Updated on September 10, 2021

Comments

  • nahsivar
    nahsivar over 2 years

    For an m x n matrix, what's the optimal (fastest) way to compute the mutual information for all pairs of columns (n x n)?

    By mutual information, I mean:

    I(X, Y) = H(X) + H(Y) - H(X,Y)

    where H(X) refers to the Shannon entropy of X.

    Currently I'm using np.histogram2d and np.histogram to calculate the joint (X,Y) and individual (X or Y) counts. For a given matrix A (e.g. a 250000 X 1000 matrix of floats), I am doing a nested for loop,

        n = A.shape[1]
        for ix = arange(n)  
            for jx = arange(ix+1,n):
               matMI[ix,jx]= calc_MI(A[:,ix],A[:,jx])
    

    Surely there must be better/faster ways to do this?

    As an aside, I've also looked for mapping functions on columns (column-wise or row-wise operations) on arrays, but haven't found a good general answer yet.

    Here is my full implementation, following the conventions in the Wiki page:

    import numpy as np
    
    def calc_MI(X,Y,bins):
    
       c_XY = np.histogram2d(X,Y,bins)[0]
       c_X = np.histogram(X,bins)[0]
       c_Y = np.histogram(Y,bins)[0]
    
       H_X = shan_entropy(c_X)
       H_Y = shan_entropy(c_Y)
       H_XY = shan_entropy(c_XY)
    
       MI = H_X + H_Y - H_XY
       return MI
    
    def shan_entropy(c):
        c_normalized = c / float(np.sum(c))
        c_normalized = c_normalized[np.nonzero(c_normalized)]
        H = -sum(c_normalized* np.log2(c_normalized))  
        return H
    
    A = np.array([[ 2.0,  140.0,  128.23, -150.5, -5.4  ],
                  [ 2.4,  153.11, 130.34, -130.1, -9.5  ],
                  [ 1.2,  156.9,  120.11, -110.45,-1.12 ]])
    
    bins = 5 # ?
    n = A.shape[1]
    matMI = np.zeros((n, n))
    
    for ix in np.arange(n):
        for jx in np.arange(ix+1,n):
            matMI[ix,jx] = calc_MI(A[:,ix], A[:,jx], bins)
    

    Although my working version with nested for loops does it at reasonable speed, I'd like to know if there is a more optimal way to apply calc_MI on all the columns of A (to calculate their pairwise mutual information)?

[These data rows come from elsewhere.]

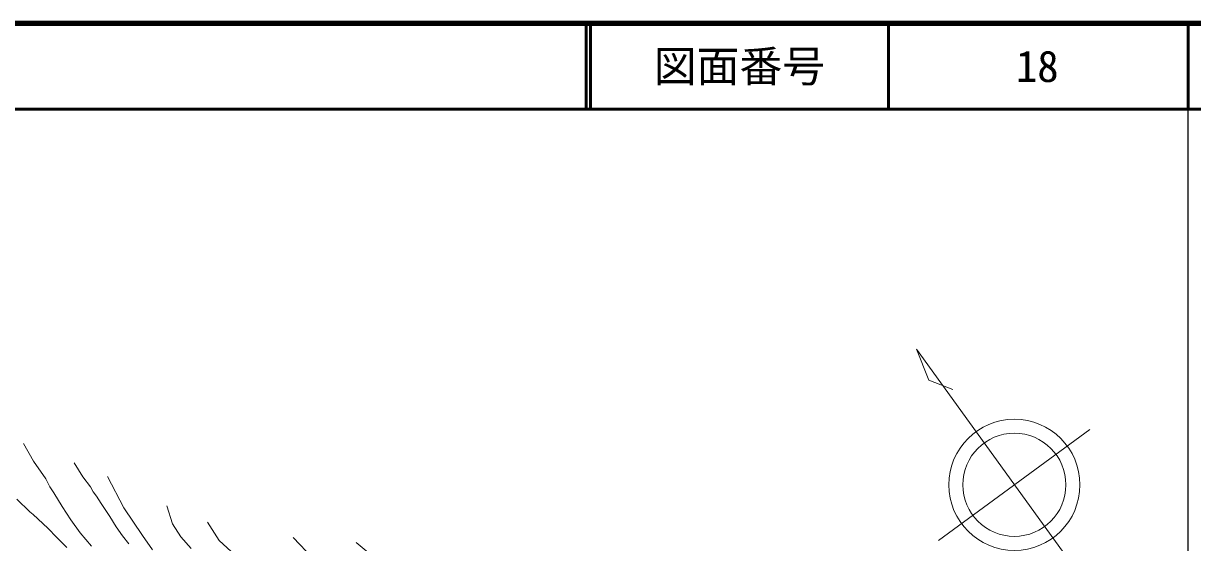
# Model space of a CAD drawing. Units: millimetres, scale not verified. Extents: x 40000 to 680000, y 20000 to 380000.
# Drawn here: x 443064 to 579500, y 319452 to 380000 of the extents above; entities that cross this region are included whole.
import ezdxf
from ezdxf.enums import TextEntityAlignment as Align

# ---------------------------------------------------------------- set-up
doc = ezdxf.new("R2010")
doc.units = ezdxf.units.MM
doc.header["$LTSCALE"] = 1000
for name, color, linetype, lineweight in [('M-TTL', 2, 'Continuous', 140), ('M-TTL-BAND', 7, 'Continuous', 25), ('M-TTL-LINE', 7, 'Continuous', 50), ('M-TTL-TXT', 7, 'Continuous', 13), ('M-WORK', 1, 'Continuous', 13)]:
    doc.layers.add(name, color=color, linetype=linetype, lineweight=lineweight)
doc.styles.add('ＭＳ ゴシック', font='')
doc.styles.get('ＭＳ ゴシック').set_extended_font_data('MS Gothic')

msp = doc.modelspace()

# ---------------------------------------------------------------- linework, layer by layer
at = {"layer": 'M-TTL'}
msp.add_line((680000, 380000), (40000, 380000), dxfattribs=at)
at = {"layer": 'M-TTL-BAND'}
msp.add_line((579000, 20000), (579000, 370000), dxfattribs=at)
at = {"layer": 'M-TTL-LINE'}
for p, q in [((508747, 380000), (508747, 370000)), ((509247, 380000), (509247, 370000)), ((543997, 380000), (543997, 370000)), ((579000, 380000), (579000, 370000)), ((40000, 370000), (680000, 370000))]:
    msp.add_line(p, q, dxfattribs=at)
at = {"layer": 'M-WORK'}
for p, q in [((565318, 317042), (547274, 341997)), ((547274, 341997), (548712, 338413)), ((548712, 338413), (551538, 337308)), ((549858, 319714), (567504, 332638)), ((443067, 331005), (444242, 328950)), ((444242, 328950), (445682, 326886)), ((448973, 328764), (450002, 327113)), ((445682, 326886), (446169, 325950)), ((450002, 327113), (450906, 325966)), ((452884, 327158), (454772, 323523)), ((446169, 325950), (446600, 325244)), ((446600, 325244), (447600, 323647)), ((450906, 325966), (451194, 325383)), ((451194, 325383), (451614, 324872)), ((451614, 324872), (452131, 324020)), ((442287, 324502), (443801, 323047)), ((447600, 323647), (448609, 322115)), ((452131, 324020), (453160, 322493)), ((454772, 323523), (456953, 320298)), ((459812, 323737), (460450, 321648)), ((443801, 323047), (444214, 322745)), ((444214, 322745), (445924, 321120)), ((448609, 322115), (449683, 320601)), ((453160, 322493), (453901, 321294)), ((445924, 321120), (446986, 320058)), ((453901, 321294), (454641, 320245)), ((460450, 321648), (461448, 320111)), ((465921, 319714), (464536, 321852)), ((446986, 320058), (448133, 318892)), ((449683, 320601), (451031, 319023)), ((454641, 320245), (455356, 319295)), ((456953, 320298), (458134, 318603)), ((461448, 320111), (462659, 318753)), ((467315, 318420), (465921, 319714)), ((474537, 320051), (476851, 317643)), ((483990, 317697), (481889, 319459))]:
    msp.add_line(p, q, dxfattribs=at)
for radius in [7648, 6012]:
    msp.add_circle((558702, 326192), radius, dxfattribs=at)

# ---------------------------------------------------------------- texts
at = {"layer": 'M-TTL-TXT', "style": 'ＭＳ ゴシック'}
for s, p in [('図面番号', (526622, 375000)), ('18', (561372, 375000))]:
    msp.add_text(s, height=3666, dxfattribs=at).set_placement(p, align=Align.MIDDLE_CENTER)

doc.saveas('drawing.dxf')

    I'd also like to know:

    1. Whether there are efficient ways to map functions to operate on columns (or rows) of np.arrays (maybe like np.vectorize, which looks more like a decorator)?

    2. Whether there are other optimal implementations for this specific calculation (mutual information)?

  • pir
    pir over 8 years
    Nice code! What is a reasonable default value for number of bins?
  • Warren Weckesser
    Warren Weckesser over 8 years
    @felbo That's a good question, and not one that can be easily answered. You might get some ideas if you ask it over at stats.stackexchange.com
  • Jon
    Jon over 6 years
    This method does not work if some counts equal zero. Why do you suggest this method over density estimation? Also, I upvoted your answer as it does provide an efficient way to calculate MI for some scenarios.
  • Warren Weckesser
    Warren Weckesser over 6 years
    "Why do you suggest this method over density estimation?" I didn't. I only suggested a couple alternative implementations of the code given in the question.
  • shouldsee
    shouldsee about 6 years
    The two suggested methods differs by continuity correction. Change to chi2_contingency(correction = False) removes this inconsistency.
  • Josh.F
    Josh.F over 5 years
    Beware of discretization (ie the bin sizes). This blog recommends the "Jack Knifed Estimate" to overcome this, or I would also expect density estimator techniques to help.